Description of the task >> When a line below holds the string "Flexrohr", show that line.
------ Records provided
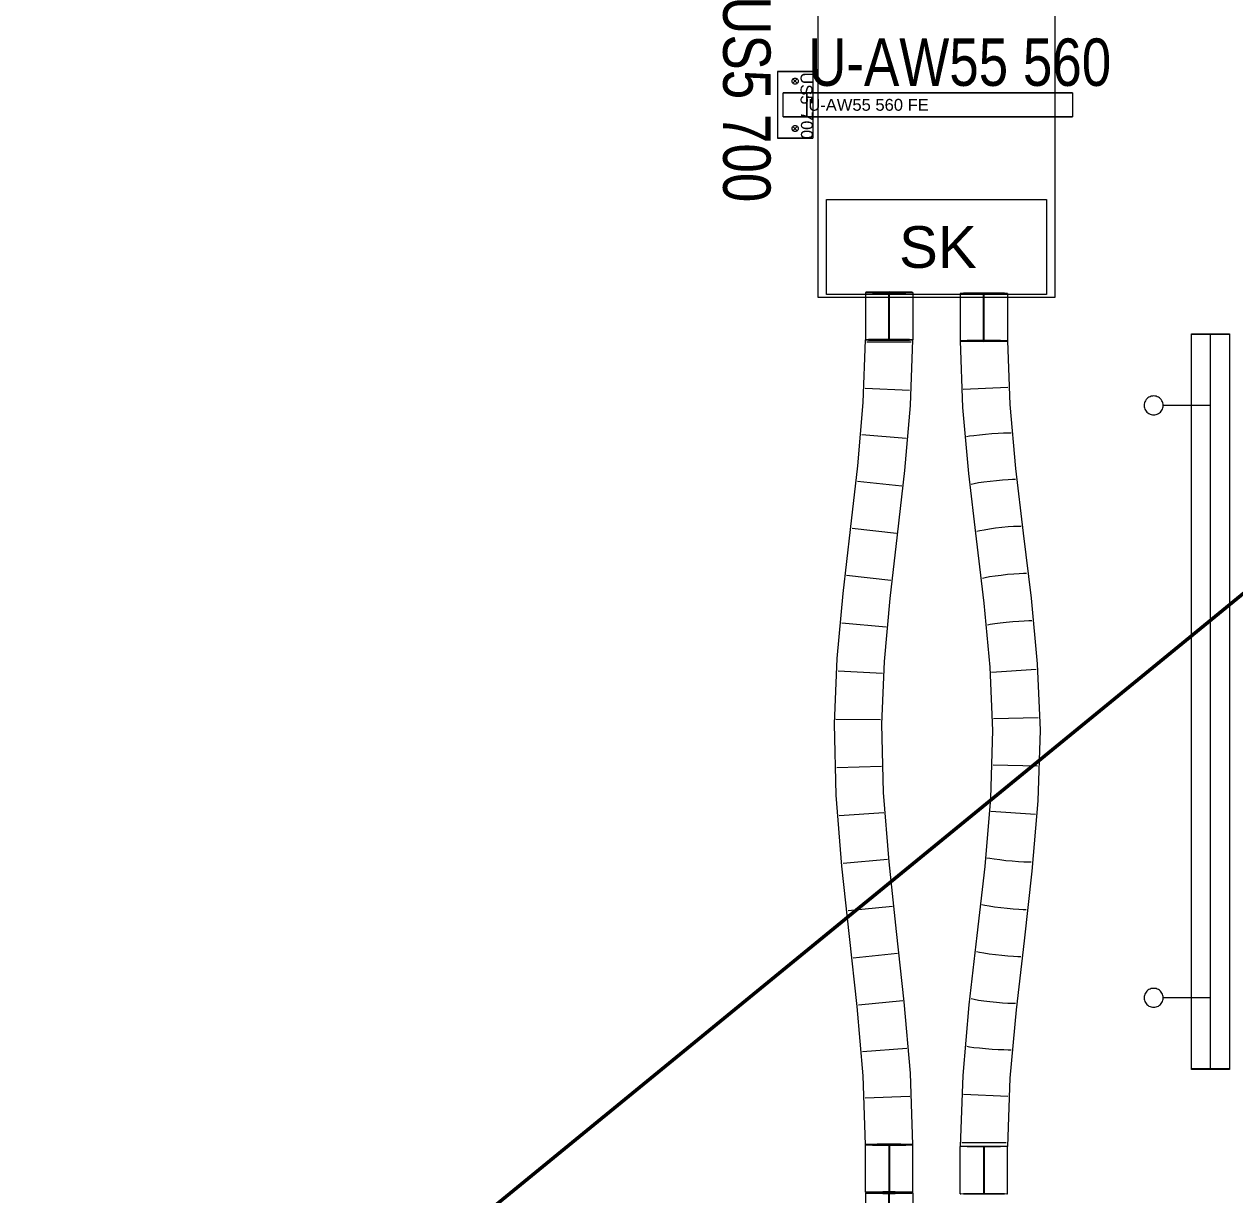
# Model space of a CAD drawing. Extents: x -1132 to 613, y -179 to 712.
# Drawn here: x -38.6 to 12.5, y 495.5 to 544.9 of the extents above; entities that cross this region are included whole.
import ezdxf
from ezdxf.lldxf.tags import DXFTag

# ---------------------------------------------------------------- set-up
doc = ezdxf.new("R2010")
doc.units = 0
doc.layers.get('0').update_dxf_attribs({"lineweight": 13})
for name, color, linetype, lineweight, true_color in [('EL01_WAN_Leuchten', 7, 'Continuous', 13, 0x0080ff), ('EL01_WAN_Schlaufkasten', 1, 'Continuous', 13, 0xff0000), ('EL01_WAN_Trassen', 40, 'Continuous', 13, 0xffbf00), ('EL01_WAN_Trassen Befestigung', 7, 'Continuous', 13, 0xb2b200), ('EL01_WAN_Verteiler', 1, 'Continuous', 13, 0xff0000), ('X_Geometrie', 3, 'Continuous', 50, 0x00ff00)]:
    doc.layers.add(name, color=color, linetype=linetype, lineweight=lineweight, true_color=true_color)
doc.styles.get("Standard").update_dxf_attribs({"font": 'arial.ttf'})
tags = doc.linetypes.add('STRICHPUNKT2', pattern=[12.7, 6.35, -3.175, 0, -3.175]).pattern_tags.tags
tags[10:11] = [DXFTag(74, 4), DXFTag(75, 0), DXFTag(340, '0'), DXFTag(46, 0.0), DXFTag(50, 0.0), DXFTag(44, 0.0), DXFTag(45, 0.0)]
tags[8:9] = [DXFTag(74, 4), DXFTag(75, 0), DXFTag(340, '0'), DXFTag(46, 0.0), DXFTag(50, 0.0), DXFTag(44, 0.0), DXFTag(45, 0.0)]
tags[6:7] = [DXFTag(74, 4), DXFTag(75, 0), DXFTag(340, '0'), DXFTag(46, 0.0), DXFTag(50, 0.0), DXFTag(44, 0.0), DXFTag(45, 0.0)]
tags[4:5] = [DXFTag(74, 4), DXFTag(75, 0), DXFTag(340, '0'), DXFTag(46, 0.0), DXFTag(50, 0.0), DXFTag(44, 0.0), DXFTag(45, 0.0)]

# ---------------------------------------------------------------- blocks, each defined once
blk = doc.blocks.new('Referenz-A0UNPDE96I', base_point=(-1115.886, -117.372))
at = {"layer": 'X_Geometrie', "color": 0, "linetype": 'Continuous', "ltscale": 0.5}
blk.add_line((-116.978, 414.655), (39.415, 542.613), dxfattribs=at)
blk = doc.blocks.new('Kabelkanal-A0UNPDFN6I', base_point=(-5.113, 533.353))
at = {"color": 0, "linetype": 'ByBlock', "lineweight": -2, "ltscale": 0.13}
for p, q in [((-5.113, 555.353), (4.887, 555.353)), ((-5.113, 533.353), (-5.113, 555.353)), ((4.887, 555.353), (4.887, 533.353)), ((4.887, 533.353), (-5.113, 533.353))]:
    blk.add_line(p, q, dxfattribs=at)
blk = doc.blocks.new('IfcObject-A0UNPDNL6I', base_point=(-5.578, 540.978))
at = {"layer": 'EL01_WAN_Trassen', "linetype": 'ByBlock', "lineweight": -2, "ltscale": 0.13}
for p, q in [((-5.578, 541.978), (-5.578, 540.978)), ((-5.578, 541.978), (-5.578, 540.978)), ((-5.578, 541.978), (5.622, 541.978)), ((5.622, 541.978), (-5.578, 541.978)), ((-5.578, 541.978), (-5.578, 541.978)), ((5.622, 541.978), (5.622, 540.978)), ((5.622, 541.978), (5.622, 540.978)), ((5.622, 541.978), (5.622, 541.978)), ((-5.578, 540.978), (5.622, 540.978)), ((5.622, 540.978), (-5.578, 540.978)), ((-5.578, 540.978), (-5.578, 540.978)), ((5.622, 540.978), (5.622, 540.978))]:
    blk.add_line(p, q, dxfattribs=at)
at = {"layer": 'EL01_WAN_Trassen', "lineweight": -2, "attachment_point": 1}
for s, insert, char_height in [('{\\W0.8;\\fArial;U-AW55 560}', (-5.531, 544.278), 2), ('{\\fArial;U-AW55 560 FE}', (-5.523, 541.728), 0.5)]:
    blk.add_mtext(s, dxfattribs=dict(at, insert=insert, char_height=char_height))
blk = doc.blocks.new('Schlaufkasten Decke (multi)-A0UNPDUP6I', base_point=(-4.753, 533.478))
at = {"color": 0, "lineweight": -2}
for p, q in [((-4.753, 533.478), (-4.753, 537.478)), ((-4.753, 537.478), (4.527, 537.478)), ((4.527, 537.478), (4.527, 533.478)), ((4.527, 533.478), (-4.753, 533.478))]:
    blk.add_line(p, q, dxfattribs=at)
at = {"color": 0, "lineweight": -2, "insert": (-1.694, 536.358), "char_height": 1.76, "attachment_point": 1}
blk.add_mtext('{\\fArial;SK}', dxfattribs=at)
blk = doc.blocks.new('Typ 01P-A0UNPE6J6I', base_point=(8.653, 500.771))
at = {"color": 0, "lineweight": -2}
for p, q in [((10.653, 500.771), (10.653, 531.811)), ((10.653, 531.811), (12.253, 531.811)), ((12.253, 531.791), (10.653, 531.791)), ((11.453, 500.791), (11.453, 531.791)), ((12.253, 531.811), (12.253, 500.771)), ((8.657, 528.844), (8.653, 528.791)), ((8.667, 528.895), (8.657, 528.844)), ((8.684, 528.944), (8.667, 528.895)), ((8.707, 528.991), (8.684, 528.944)), ((8.736, 529.035), (8.707, 528.991)), ((8.77, 529.074), (8.736, 529.035)), ((8.81, 529.109), (8.77, 529.074)), ((8.853, 529.138), (8.81, 529.109)), ((8.9, 529.161), (8.853, 529.138)), ((8.95, 529.178), (8.9, 529.161)), ((9.001, 529.188), (8.95, 529.178)), ((9.053, 529.191), (9.001, 529.188)), ((9.105, 529.188), (9.053, 529.191)), ((9.157, 529.178), (9.105, 529.188)), ((9.206, 529.161), (9.157, 529.178)), ((9.253, 529.138), (9.206, 529.161)), ((9.297, 529.109), (9.253, 529.138)), ((9.336, 529.074), (9.297, 529.109)), ((9.371, 529.035), (9.336, 529.074)), ((9.4, 528.991), (9.371, 529.035)), ((9.423, 528.944), (9.4, 528.991)), ((9.44, 528.895), (9.423, 528.944)), ((9.45, 528.844), (9.44, 528.895)), ((9.453, 528.791), (9.45, 528.844)), ((8.653, 528.791), (8.657, 528.739)), ((8.657, 528.739), (8.667, 528.688)), ((8.667, 528.688), (8.684, 528.638)), ((8.684, 528.638), (8.707, 528.591)), ((8.707, 528.591), (8.736, 528.548)), ((8.736, 528.548), (8.77, 528.508)), ((8.77, 528.508), (8.81, 528.474)), ((8.81, 528.474), (8.853, 528.445)), ((8.853, 528.445), (8.9, 528.422)), ((8.9, 528.422), (8.95, 528.405)), ((8.95, 528.405), (9.001, 528.395)), ((9.001, 528.395), (9.053, 528.391)), ((9.053, 528.391), (9.105, 528.395)), ((9.105, 528.395), (9.157, 528.405)), ((9.157, 528.405), (9.206, 528.422)), ((9.206, 528.422), (9.253, 528.445)), ((9.253, 528.445), (9.297, 528.474)), ((9.297, 528.474), (9.336, 528.508)), ((9.336, 528.508), (9.371, 528.548)), ((9.371, 528.548), (9.4, 528.591)), ((9.4, 528.591), (9.423, 528.638)), ((9.423, 528.638), (9.44, 528.688)), ((9.44, 528.688), (9.45, 528.739)), ((9.45, 528.739), (9.453, 528.791)), ((11.453, 528.791), (9.453, 528.791)), ((8.657, 503.844), (8.653, 503.791)), ((8.667, 503.895), (8.657, 503.844)), ((8.684, 503.944), (8.667, 503.895)), ((8.707, 503.991), (8.684, 503.944)), ((8.736, 504.035), (8.707, 503.991)), ((8.77, 504.074), (8.736, 504.035)), ((8.81, 504.109), (8.77, 504.074)), ((8.853, 504.138), (8.81, 504.109)), ((8.9, 504.161), (8.853, 504.138)), ((8.95, 504.178), (8.9, 504.161)), ((9.001, 504.188), (8.95, 504.178)), ((9.053, 504.191), (9.001, 504.188)), ((9.105, 504.188), (9.053, 504.191)), ((9.157, 504.178), (9.105, 504.188)), ((9.206, 504.161), (9.157, 504.178)), ((9.253, 504.138), (9.206, 504.161)), ((9.297, 504.109), (9.253, 504.138)), ((9.336, 504.074), (9.297, 504.109)), ((9.371, 504.035), (9.336, 504.074)), ((9.4, 503.991), (9.371, 504.035)), ((9.423, 503.944), (9.4, 503.991)), ((9.44, 503.895), (9.423, 503.944)), ((9.45, 503.844), (9.44, 503.895)), ((9.453, 503.791), (9.45, 503.844)), ((8.653, 503.791), (8.657, 503.739)), ((8.657, 503.739), (8.667, 503.688)), ((8.667, 503.688), (8.684, 503.638)), ((8.684, 503.638), (8.707, 503.591)), ((8.707, 503.591), (8.736, 503.548)), ((8.736, 503.548), (8.77, 503.508)), ((8.77, 503.508), (8.81, 503.474)), ((8.81, 503.474), (8.853, 503.445)), ((8.853, 503.445), (8.9, 503.422)), ((8.9, 503.422), (8.95, 503.405)), ((8.95, 503.405), (9.001, 503.395)), ((9.001, 503.395), (9.053, 503.391)), ((9.053, 503.391), (9.105, 503.395)), ((9.105, 503.395), (9.157, 503.405)), ((9.157, 503.405), (9.206, 503.422)), ((9.206, 503.422), (9.253, 503.445)), ((9.253, 503.445), (9.297, 503.474)), ((9.297, 503.474), (9.336, 503.508)), ((9.336, 503.508), (9.371, 503.548)), ((9.371, 503.548), (9.4, 503.591)), ((9.4, 503.591), (9.423, 503.638)), ((9.423, 503.638), (9.44, 503.688)), ((9.44, 503.688), (9.45, 503.739)), ((9.45, 503.739), (9.453, 503.791)), ((11.453, 503.791), (9.453, 503.791)), ((12.253, 500.791), (10.653, 500.791)), ((12.253, 500.771), (10.653, 500.771))]:
    blk.add_line(p, q, dxfattribs=at)
blk = doc.blocks.new('Wickelfalzrohr-A0UNPEDJ6I', base_point=(0.887, 495.501))
at = {"color": 0, "lineweight": -2}
for p, q in [((0.887, 497.519), (0.921, 497.524)), ((0.921, 497.514), (0.887, 497.519)), ((0.887, 495.519), (0.887, 497.519)), ((0.921, 497.524), (1.021, 497.528)), ((1.021, 497.51), (0.921, 497.514)), ((1.021, 497.528), (1.18, 497.532)), ((1.18, 497.506), (1.021, 497.51)), ((1.18, 497.532), (1.387, 497.535)), ((1.387, 497.503), (1.18, 497.506)), ((1.387, 497.535), (1.629, 497.537)), ((1.629, 497.502), (1.387, 497.503)), ((1.629, 497.537), (1.887, 497.537)), ((1.887, 497.501), (1.629, 497.502)), ((1.887, 497.537), (2.146, 497.537)), ((2.146, 497.502), (1.887, 497.501)), ((2.146, 497.537), (2.387, 497.535)), ((2.387, 497.503), (2.146, 497.502)), ((2.387, 497.535), (2.594, 497.532)), ((2.594, 497.506), (2.387, 497.503)), ((2.594, 497.532), (2.753, 497.528)), ((2.753, 497.51), (2.594, 497.506)), ((2.753, 497.528), (2.853, 497.524)), ((2.853, 497.514), (2.753, 497.51)), ((2.853, 497.524), (2.887, 497.519)), ((2.887, 497.519), (2.853, 497.514)), ((2.887, 495.519), (2.887, 497.519)), ((0.887, 495.519), (0.921, 495.524)), ((0.921, 495.515), (0.887, 495.519)), ((0.921, 495.524), (1.021, 495.529)), ((1.021, 495.51), (0.921, 495.515)), ((1.021, 495.529), (1.18, 495.532)), ((1.18, 495.507), (1.021, 495.51)), ((1.18, 495.532), (1.387, 495.535)), ((1.387, 495.504), (1.18, 495.507)), ((1.387, 495.535), (1.629, 495.537)), ((1.629, 495.502), (1.387, 495.504)), ((1.629, 495.537), (1.887, 495.538)), ((1.887, 495.501), (1.629, 495.502)), ((1.887, 495.538), (2.146, 495.537)), ((2.146, 495.502), (1.887, 495.501)), ((2.146, 495.537), (2.387, 495.535)), ((2.387, 495.504), (2.146, 495.502)), ((2.387, 495.535), (2.594, 495.532)), ((2.594, 495.507), (2.387, 495.504)), ((2.594, 495.532), (2.753, 495.529)), ((2.753, 495.51), (2.594, 495.507)), ((2.753, 495.529), (2.853, 495.524)), ((2.853, 495.515), (2.753, 495.51)), ((2.853, 495.524), (2.887, 495.519)), ((2.887, 495.519), (2.853, 495.515))]:
    blk.add_line(p, q, dxfattribs=at)
at = {"color": 0, "linetype": 'STRICHPUNKT2', "lineweight": 25, "ltscale": 0.25}
blk.add_line((1.887, 497.519), (1.887, 495.519), dxfattribs=at)
blk = doc.blocks.new('Flexrohr-A0UNPEJF6I', base_point=(-4.423, 497.574))
at = {"color": 0, "lineweight": -2}
for p, q in [((-3.204, 528.913), (-3.113, 531.561)), ((-3.113, 531.561), (-3.079, 531.565)), ((-3.079, 531.556), (-3.113, 531.561)), ((-3.079, 531.565), (-2.979, 531.57)), ((-2.979, 531.552), (-3.079, 531.556)), ((-1.176, 531.46), (-3.056, 531.464)), ((-2.979, 531.57), (-2.82, 531.574)), ((-2.82, 531.548), (-2.979, 531.552)), ((-2.82, 531.574), (-2.613, 531.576)), ((-2.613, 531.545), (-2.82, 531.548)), ((-2.613, 531.576), (-2.371, 531.578)), ((-2.371, 531.543), (-2.613, 531.545)), ((-2.371, 531.578), (-2.113, 531.579)), ((-2.113, 531.542), (-2.371, 531.543)), ((-2.113, 531.579), (-1.854, 531.578)), ((-1.854, 531.543), (-2.113, 531.542)), ((-1.854, 531.578), (-1.613, 531.576)), ((-1.613, 531.545), (-1.854, 531.543)), ((-1.613, 531.576), (-1.406, 531.574)), ((-1.406, 531.548), (-1.613, 531.545)), ((-1.406, 531.574), (-1.247, 531.57)), ((-1.247, 531.552), (-1.406, 531.548)), ((-1.247, 531.57), (-1.147, 531.565)), ((-1.147, 531.556), (-1.247, 531.552)), ((-1.208, 528.792), (-1.113, 531.561)), ((-1.147, 531.565), (-1.113, 531.561)), ((-1.113, 531.561), (-1.147, 531.556)), ((-1.246, 529.42), (-3.124, 529.508)), ((-3.435, 526.248), (-3.204, 528.913)), ((-1.445, 526.049), (-1.208, 528.792)), ((-1.388, 527.395), (-3.262, 527.546)), ((-3.74, 523.561), (-3.435, 526.248)), ((-1.753, 523.333), (-1.445, 526.049)), ((-1.581, 525.384), (-3.451, 525.577)), ((-4.053, 520.851), (-3.74, 523.561)), ((-1.807, 523.388), (-3.675, 523.601)), ((-2.063, 520.645), (-1.753, 523.333)), ((-2.036, 521.409), (-3.905, 521.608)), ((-4.304, 518.117), (-4.053, 520.851)), ((-2.308, 517.983), (-2.063, 520.645)), ((-2.235, 519.438), (-4.107, 519.601)), ((-4.423, 515.36), (-4.304, 518.117)), ((-2.423, 515.345), (-2.308, 517.983)), ((-2.39, 517.474), (-4.267, 517.579)), ((-4.346, 512.345), (-4.423, 515.36)), ((-2.475, 515.518), (-4.355, 515.539)), ((-2.349, 512.45), (-2.423, 515.345)), ((-2.437, 513.557), (-4.316, 513.501)), ((-4.107, 509.347), (-4.346, 512.345)), ((-2.115, 509.534), (-2.349, 512.45)), ((-2.34, 511.593), (-4.216, 511.472)), ((-2.183, 509.626), (-4.055, 509.453)), ((-1.797, 506.591), (-2.115, 509.534)), ((-3.785, 506.374), (-4.107, 509.347)), ((-1.972, 507.648), (-3.842, 507.455)), ((-3.462, 503.425), (-3.785, 506.374)), ((-1.471, 503.619), (-1.797, 506.591)), ((-1.756, 505.663), (-3.625, 505.466)), ((-3.212, 500.499), (-3.462, 503.425)), ((-1.537, 503.668), (-3.408, 503.486)), ((-1.216, 500.618), (-1.471, 503.619)), ((-1.364, 501.654), (-3.239, 501.517)), ((-3.113, 497.592), (-3.212, 500.499)), ((-1.113, 497.592), (-1.216, 500.618)), ((-1.242, 499.628), (-3.12, 499.553)), ((-3.079, 497.597), (-3.113, 497.592)), ((-3.113, 497.592), (-3.079, 497.587)), ((-2.979, 497.601), (-3.079, 497.597)), ((-3.079, 497.587), (-2.979, 497.583)), ((-2.82, 497.605), (-2.979, 497.601)), ((-2.979, 497.583), (-2.82, 497.579)), ((-2.613, 497.608), (-2.82, 497.605)), ((-2.82, 497.579), (-2.613, 497.576)), ((-2.371, 497.61), (-2.613, 497.608)), ((-2.613, 497.576), (-2.371, 497.574)), ((-2.113, 497.61), (-2.371, 497.61)), ((-2.371, 497.574), (-2.113, 497.574)), ((-1.854, 497.61), (-2.113, 497.61)), ((-2.113, 497.574), (-1.854, 497.574)), ((-1.613, 497.608), (-1.854, 497.61)), ((-1.854, 497.574), (-1.613, 497.576)), ((-1.406, 497.605), (-1.613, 497.608)), ((-1.613, 497.576), (-1.406, 497.579)), ((-1.247, 497.601), (-1.406, 497.605)), ((-1.406, 497.579), (-1.247, 497.583)), ((-1.147, 497.597), (-1.247, 497.601)), ((-1.247, 497.583), (-1.147, 497.587)), ((-1.113, 497.592), (-1.147, 497.597)), ((-1.147, 497.587), (-1.113, 497.592))]:
    blk.add_line(p, q, dxfattribs=at)
blk = doc.blocks.new('Wickelfalzrohr-A0UNPEQZ6I', base_point=(-3.113, 495.574))
at = {"color": 0, "lineweight": -2}
for p, q in [((-3.113, 497.592), (-3.079, 497.597)), ((-3.079, 497.587), (-3.113, 497.592)), ((-3.113, 495.592), (-3.113, 497.592)), ((-3.079, 497.597), (-2.979, 497.601)), ((-2.979, 497.583), (-3.079, 497.587)), ((-2.979, 497.601), (-2.82, 497.605)), ((-2.82, 497.579), (-2.979, 497.583)), ((-2.82, 497.605), (-2.613, 497.608)), ((-2.613, 497.576), (-2.82, 497.579)), ((-2.613, 497.608), (-2.371, 497.61)), ((-2.371, 497.574), (-2.613, 497.576)), ((-2.371, 497.61), (-2.113, 497.61)), ((-2.113, 497.574), (-2.371, 497.574)), ((-2.113, 497.61), (-1.854, 497.61)), ((-1.854, 497.574), (-2.113, 497.574)), ((-1.854, 497.61), (-1.613, 497.608)), ((-1.613, 497.576), (-1.854, 497.574)), ((-1.613, 497.608), (-1.406, 497.605)), ((-1.406, 497.579), (-1.613, 497.576)), ((-1.406, 497.605), (-1.247, 497.601)), ((-1.247, 497.583), (-1.406, 497.579)), ((-1.247, 497.601), (-1.147, 497.597)), ((-1.147, 497.587), (-1.247, 497.583)), ((-1.147, 497.597), (-1.113, 497.592)), ((-1.113, 497.592), (-1.147, 497.587)), ((-1.113, 495.592), (-1.113, 497.592)), ((-3.113, 495.592), (-3.079, 495.597)), ((-3.079, 495.588), (-3.113, 495.592)), ((-3.079, 495.597), (-2.979, 495.602)), ((-2.979, 495.583), (-3.079, 495.588)), ((-2.979, 495.602), (-2.82, 495.605)), ((-2.82, 495.58), (-2.979, 495.583)), ((-2.82, 495.605), (-2.613, 495.608)), ((-2.613, 495.577), (-2.82, 495.58)), ((-2.613, 495.608), (-2.371, 495.61)), ((-2.371, 495.575), (-2.613, 495.577)), ((-2.371, 495.61), (-2.113, 495.611)), ((-2.113, 495.574), (-2.371, 495.575)), ((-2.113, 495.611), (-1.854, 495.61)), ((-1.854, 495.575), (-2.113, 495.574)), ((-1.854, 495.61), (-1.613, 495.608)), ((-1.613, 495.577), (-1.854, 495.575)), ((-1.613, 495.608), (-1.406, 495.605)), ((-1.406, 495.58), (-1.613, 495.577)), ((-1.406, 495.605), (-1.247, 495.602)), ((-1.247, 495.583), (-1.406, 495.58)), ((-1.247, 495.602), (-1.147, 495.597)), ((-1.147, 495.588), (-1.247, 495.583)), ((-1.147, 495.597), (-1.113, 495.592)), ((-1.113, 495.592), (-1.147, 495.588))]:
    blk.add_line(p, q, dxfattribs=at)
at = {"color": 0, "linetype": 'STRICHPUNKT2', "lineweight": 25, "ltscale": 0.25}
blk.add_line((-2.113, 497.592), (-2.113, 495.592), dxfattribs=at)
blk = doc.blocks.new('Flexrohr-A0UNPFO96I', base_point=(0.887, 497.501))
at = {"color": 0, "lineweight": -2}
for p, q in [((0.921, 531.519), (0.887, 531.515)), ((0.887, 531.515), (0.921, 531.51)), ((0.887, 531.515), (0.988, 528.704)), ((1.021, 531.524), (0.921, 531.519)), ((0.921, 531.51), (1.021, 531.506)), ((1.18, 531.528), (1.021, 531.524)), ((1.021, 531.506), (1.18, 531.502)), ((1.387, 531.531), (1.18, 531.528)), ((1.18, 531.502), (1.387, 531.499)), ((1.629, 531.532), (1.387, 531.531)), ((1.387, 531.499), (1.629, 531.497)), ((1.887, 531.533), (1.629, 531.532)), ((1.629, 531.497), (1.887, 531.496)), ((2.146, 531.532), (1.887, 531.533)), ((1.887, 531.496), (2.146, 531.497)), ((2.387, 531.531), (2.146, 531.532)), ((2.146, 531.497), (2.387, 531.499)), ((2.594, 531.528), (2.387, 531.531)), ((2.387, 531.499), (2.594, 531.502)), ((2.753, 531.524), (2.594, 531.528)), ((2.594, 531.502), (2.753, 531.506)), ((2.853, 531.519), (2.753, 531.524)), ((2.753, 531.506), (2.853, 531.51)), ((2.887, 531.515), (2.853, 531.519)), ((2.853, 531.51), (2.887, 531.515)), ((2.887, 531.515), (2.984, 528.829)), ((1.02, 529.474), (2.898, 529.56)), ((0.988, 528.704), (1.238, 525.921)), ((2.984, 528.829), (3.228, 526.127)), ((1.284, 527.49), (1.159, 527.467)), ((1.468, 527.515), (1.284, 527.49)), ((1.699, 527.542), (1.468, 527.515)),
------------
Exercise output >>
blk = doc.blocks.new('Flexrohr-A0UNPEJF6I', base_point=(-4.423, 497.574))
blk = doc.blocks.new('Flexrohr-A0UNPFO96I', base_point=(0.887, 497.501))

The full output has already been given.